In the United States, the United Kingdom and Germany, mass-spoilage as an expression, propagation of political independence would be the desirable aim of a militant proletariat, while tactical engagement in policy-based struggles and the direct prerogatives mediated through the bourgeois state (like the minimum wage being raised) would be a necessary reality. Spoilage, however, is only politically useful if it can be coordinated on a mass scale to the point where it would send a message, encapsulating a definite political polarization that has already taken hold. Spoilage stands as the only effective resistance to the degenerate, corrupt spectacle that is the electoral process - by abstaining from it, you express political weakness, you present yourself as being "outside" the political all together in public eyes.

But through spoilage, one invokes fear insofar as they demonstrate the ability to AFFIRMATIVELY proclaim a solid position on the matter, that of opposition, and demonstrate the political prowess of an independent proletariat. It is therefore forgivable to support Sanders as a matter of a private reservation, but in the midst of a possibility of an independent and organized working class, support for Sanders would be an unforgivable crime, not simply out of "principle" but because Sanders holistically represents a false alternative for the working people by mystifying the problem. Why? Because what Sanders proposes in the short term is, again not possible within the confines of our existing political order, Sanders is therefore purely a negative figure who even if elected would never succeed in seeing through ANY of the policies he aims at, because to vote for Sanders is not to vote for the implementation of direct measures, it is to proclaim disatisfaction with the system. The same goes for the reactionary Ron Paul - do you really think he could do half the things he claims he wants to do? No! CONTRARY to Syriza in Greece, whose emergence to power STRENGTHENS the possibility of a pan-European offensive on the austerity measures, dividing politics on class lines while AVOIDING the reactionary temptation of opposing the EU all together. For this reason there is no American Syriza, and there can never be one, for Sanders will never be able to polarize politics and mobilize enough people - the whole basis of Syriza, and Podemos' success is the avowed rejection of the austerity measures while retaining the desire to stay in the EU - but what equivalency exists in the United States? In the practical sense, not some banal aggrandizement of platitudes as the "unfairness" of the system or such vague, ambiguous concerns as "growing inequality". What does Sanders seek to do in the practical sense, and how could he - practically do it?

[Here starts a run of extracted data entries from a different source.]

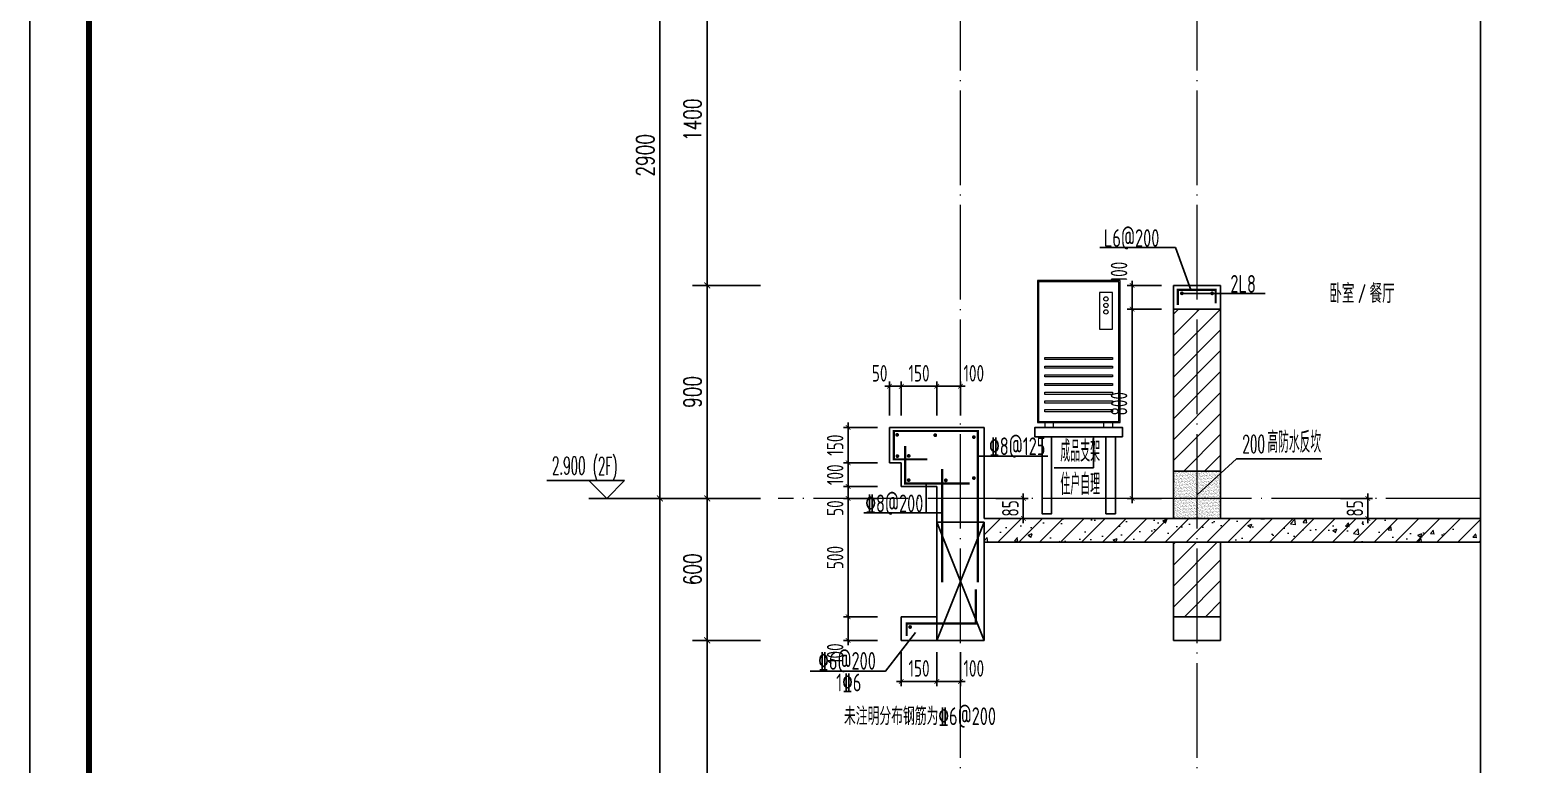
# Model space of a CAD drawing. Extents: x -461650 to 361314, y 245336 to 769729.
# Drawn here: x 299954 to 306262, y 661900 to 665003 of the extents above; entities that cross this region are included whole.
import ezdxf

# ---------------------------------------------------------------- set-up
doc = ezdxf.new("R2010")
doc.units = 0
doc.header["$LTSCALE"] = 1000
doc.linetypes.add('DOTE', pattern=[2.42, 2, -0.2, 0.02, -0.2])
doc.layers.get('0').update_dxf_attribs({"linetype": 'CONTINUOUS'})
doc.layers.get('DEFPOINTS').update_dxf_attribs({"linetype": 'CONTINUOUS'})
for name, color, linetype in [('DIM', 2, 'CONTINUOUS'), ('DIM_ELEV', 3, 'CONTINUOUS'), ('DIM_IDEN', 67, 'CONTINUOUS'), ('DIM_SYMB', 3, 'CONTINUOUS'), ('PUB_DIM', 3, 'CONTINUOUS'), ('PUB_TEXT', 2, 'CONTINUOUS'), ('REIN', 6, 'CONTINUOUS'), ('S-大样-砼线', 7, 'CONTINUOUS'), ('S-引出线', 40, 'CONTINUOUS'), ('TEXT', 2, 'CONTINUOUS'), ('WALL', 5, 'CONTINUOUS'), ('yichutu', 7, 'CONTINUOUS'), ('空调外机', 8, 'CONTINUOUS'), ('立面-看线', 251, 'CONTINUOUS')]:
    doc.layers.add(name, color=color, linetype=linetype)
for name, color, linetype, lineweight in [('DOTE', 19, 'DOTE', 9), ('PUB_HATCH', 8, 'CONTINUOUS', 9), ('内粉刷', 37, 'CONTINUOUS', 9), ('图框', 9, 'CONTINUOUS', 18), ('平面-空调室外机', 143, 'CONTINUOUS', 9)]:
    doc.layers.add(name, color=color, linetype=linetype, lineweight=lineweight)
doc.styles.add('_TCH_DIM', font='SIMPLEX.shx', dxfattribs={"width": 0.7, "bigfont": 'GBCBIG.shx'})
doc.styles.add('_TCH_DIM_T3', font='SIMPLEX', dxfattribs={"width": 0.705882, "bigfont": 'GBCBIG'})
doc.styles.add('DIM_FONT_T3', font='SIMPLEX', dxfattribs={"width": 0.705882, "bigfont": 'GBCBIG'})
doc.styles.add('TSSD_DIMENSION', font='Tssdeng.shx', dxfattribs={"width": 0.7, "bigfont": 'tssdchn.shx'})
doc.styles.add('TSSD_REIN', font='tssdeng.shx', dxfattribs={"width": 0.7, "height": 300, "bigfont": 'tssdchn.shx'})
doc.styles.add('w', font='tssdeng.shx', dxfattribs={"width": 0.8, "bigfont": 'tssdchn.shx'})
doc.dimstyles.new('_TCH_ARCH&&25', dxfattribs={"dimtxt": 74.375, "dimasz": 25, "dimexe": 62.5, "dimexo": 75, "dimgap": 25, "dimtad": 1, "dimdec": 0, "dimzin": 0, "dimdsep": 46, "dimtxsty": '_TCH_DIM_T3', "dimblk": 'ARCHTICK', "dimcen": 0.09, "dimclrt": 7, "dimazin": 0, "dimtfac": 1, "dimtdec": 0, "dimtix": 1, "dimtmove": 2, "dimatfit": 3, "dimldrblk": 'ARCHTICK', "dimfxl": 0, "dimtolj": 1, "dimtzin": 0, "dimarcsym": 0})
doc.dimstyles.new('TSSD_20_20', dxfattribs={"dimtxt": 60, "dimasz": 20, "dimexe": 20, "dimexo": 50, "dimgap": 20, "dimtad": 1, "dimdec": 0, "dimzin": 0, "dimdsep": 46, "dimtxsty": 'TSSD_DIMENSION', "dimblk": 'ARCHTICK', "dimblk1": 'ARCHTICK', "dimblk2": 'ARCHTICK', "dimcen": 0, "dimdle": 20, "dimclrt": 7, "dimadec": 0, "dimazin": 0, "dimtfac": 1, "dimtdec": 0, "dimtix": 1, "dimtmove": 2, "dimatfit": 3, "dimfxl": 0, "dimtolj": 1, "dimtzin": 0, "dimarcsym": 0})
pattern_1 = [(45, (-737876.647, 828610.89), (-44.1941915, 44.1941915), [])]

# ---------------------------------------------------------------- blocks, each defined once
blk = doc.blocks.new('GFDDDDRG')
at = {"layer": '图框'}
blk.add_lwpolyline([(923310, -107437), (923310, -159999), (893610, -159999), (893610, -107437)], close=True, dxfattribs=at)
blk.add_lwpolyline([(923310, -107437), (923310, -159999), (893610, -159999), (893610, -107437)], close=True, dxfattribs=at)
at = {"layer": '图框', "const_width": 50}
blk.add_lwpolyline([(894110, -159499), (922810, -159499), (922810, -108687), (894110, -108687)], close=True, dxfattribs=at)
blk = doc.blocks.new('yct-1051-594-26275-14850-25-1002.0')
at = {"layer": 'yichutu', "color": 7}
blk.add_lwpolyline([(0, 0), (0, 14850), (26275, 14850), (26275, 0)], close=True, dxfattribs=at)
blk = doc.blocks.new('kongtiao')
for p, q in [((-338.7, 49), (-338.7, -550.8)), ((11, 49), (-338.7, 49)), ((-334.1, 44.4), (-334.1, -546.2)), ((6.4, 44.4), (-334.1, 44.4)), ((6.4, -546.2), (6.4, 44.4)), ((11, -550.8), (11, 49)), ((-76.2, -0.5), (-76.2, -156.5)), ((-21.1, -0.5), (-76.2, -0.5)), ((-21.1, -156.5), (-21.1, -0.5)), ((-76.2, -156.5), (-21.1, -156.5)), ((-338.7, -550.8), (11, -550.8)), ((-334.1, -546.2), (6.4, -546.2)), ((-306.6, -550.8), (-306.6, -571.2)), ((-269.8, -571.2), (-269.8, -550.8)), ((-57.9, -571.2), (-57.9, -550.8)), ((-21.1, -550.8), (-21.1, -571.2)), ((-306.6, -571.2), (-269.8, -571.2)), ((-21.1, -571.2), (-57.9, -571.2))]:
    blk.add_line(p, q)
for points in [[(-306.6, -275.4), (-21.1, -275.4), (-21.1, -284.6), (-306.6, -284.6)], [(-306.6, -312.1), (-21.1, -312.1), (-21.1, -321.3), (-306.6, -321.3)], [(-306.6, -348.8), (-21.1, -348.8), (-21.1, -358), (-306.6, -358)], [(-306.6, -385.6), (-21.1, -385.6), (-21.1, -394.7), (-306.6, -394.7)], [(-306.6, -422.3), (-21.1, -422.3), (-21.1, -431.5), (-306.6, -431.5)], [(-306.6, -459), (-21.1, -459), (-21.1, -468.2), (-306.6, -468.2)], [(-306.6, -495.7), (-21.1, -495.7), (-21.1, -504.9), (-306.6, -504.9)]]:
    blk.add_lwpolyline(points, close=True)
for centre in [(-48.7, -28), (-48.7, -55.6), (-48.7, -83.1)]:
    blk.add_circle(centre, 9.18)
blk = doc.blocks.new('_ArchTick')
at = {"color": 0, "linetype": 'ByBlock', "const_width": 0.15}
blk.add_lwpolyline([(-0.5, -0.5), (0.5, 0.5)], dxfattribs=at)
blk = doc.blocks.new('*D516')
at = {"layer": 'DEFPOINTS', "color": 0}
for p in [(303987.3, 663023), (304153.2, 663023), (303987.3, 662938)]:
    blk.add_point(p, dxfattribs=at)
at = {"layer": 'DIM', "color": 0, "lineweight": -2}
for p, q in [((304037.3, 663023), (304173.2, 663023)), ((304153.2, 663023), (304153.2, 663043)), ((304153.2, 662938), (304153.2, 663023)), ((304037.3, 662938), (304173.2, 662938)), ((304153.2, 662938), (304153.2, 662918))]:
    blk.add_line(p, q, dxfattribs=at)
at = {"layer": 'DIM', "color": 0, "lineweight": -2, "xscale": 20, "yscale": 20, "zscale": 20}
for p, rotation in [((304153.2, 663023), 270), ((304153.2, 662938), 90)]:
    blk.add_blockref('_ArchTick', p, dxfattribs=dict(at, rotation=rotation))
at = {"layer": 'DIM', "color": 7, "insert": (304098.2, 662980.5), "char_height": 70, "attachment_point": 5, "rotation": 90, "style": 'TSSD_DIMENSION'}
blk.add_mtext('\\A1;85', dxfattribs=at)
blk = doc.blocks.new('*D713')
at = {"layer": 'DEFPOINTS', "color": 0}
for p in [(305443.6, 663023), (305609.5, 663023), (305443.6, 662938)]:
    blk.add_point(p, dxfattribs=at)
at = {"layer": 'DIM', "color": 0, "lineweight": -2}
for p, q in [((305493.6, 663023), (305629.5, 663023)), ((305609.5, 663023), (305609.5, 663043)), ((305609.5, 662938), (305609.5, 663023)), ((305493.6, 662938), (305629.5, 662938)), ((305609.5, 662938), (305609.5, 662918))]:
    blk.add_line(p, q, dxfattribs=at)
at = {"layer": 'DIM', "color": 0, "lineweight": -2, "xscale": 20, "yscale": 20, "zscale": 20}
for p, rotation in [((305609.5, 663023), 270), ((305609.5, 662938), 90)]:
    blk.add_blockref('_ArchTick', p, dxfattribs=dict(at, rotation=rotation))
at = {"layer": 'DIM', "color": 7, "insert": (305554.5, 662980.5), "char_height": 70, "attachment_point": 5, "rotation": 90, "style": 'TSSD_DIMENSION'}
blk.add_mtext('\\A1;85', dxfattribs=at)
blk = doc.blocks.new('*D719')
at = {"layer": 'DEFPOINTS', "color": 0}
for p in [(303637.3, 663496.7), (303587.3, 663323), (303637.3, 663323)]:
    blk.add_point(p, dxfattribs=at)
at = {"layer": 'DIM', "color": 0, "lineweight": -2}
for p, q in [((303567.3, 663496.7), (303657.3, 663496.7)), ((303587.3, 663373), (303587.3, 663516.7)), ((303637.3, 663373), (303637.3, 663516.7))]:
    blk.add_line(p, q, dxfattribs=at)
at = {"layer": 'DIM', "color": 0, "lineweight": -2, "xscale": 20, "yscale": 20, "zscale": 20, "rotation": 180}
blk.add_blockref('_ArchTick', (303587.3, 663496.7), dxfattribs=at)
at = {"layer": 'DIM', "color": 0, "lineweight": -2, "xscale": 20, "yscale": 20, "zscale": 20}
blk.add_blockref('_ArchTick', (303637.3, 663496.7), dxfattribs=at)
at = {"layer": 'DIM', "color": 7, "insert": (303545.9, 663551.7), "char_height": 70, "attachment_point": 5, "style": 'TSSD_DIMENSION'}
blk.add_mtext('\\A1;50', dxfattribs=at)
blk = doc.blocks.new('*D720')
at = {"layer": 'DEFPOINTS', "color": 0}
for p in [(303787.3, 663496.7), (303637.3, 663323), (303787.3, 663323)]:
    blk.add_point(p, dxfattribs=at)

That being said - again, as purely a matter of strategy, support for the election of PROVINCIAL or local representatives of the working people would be desirable, because it is an excellent way of mobilizing local people in an immediate sense by appealing to issues which directly concern them.

Sewer Socialist
3rd July 2015, 20:51
I think that having Sanders running as a reform candidate whose role is to make the Democratic Party seem exciting, welcoming, and open to reform seems to be working quite well for the party.

He's the mirror image of Ron Paul, who is doing the same thing in the Republican Party.

Working Class Hero
11th July 2015, 05:18
I've been campaigning for him. I'd rather have a social democrat in office than a corporate whore like Hillary. He's by no means a radical in global terms, but for the US, he's a maverick.

And then there all the people saying that he's just another capitalist politician, but you have to remember that we're not in a revolutionary situation in the US, and the working class needs to fight for every piecemeal gain we can get, whether it's a $15 minimum wage or Black Lives Matter. The worst thing his run can do is increase general knowledge of socialism and push people to the left.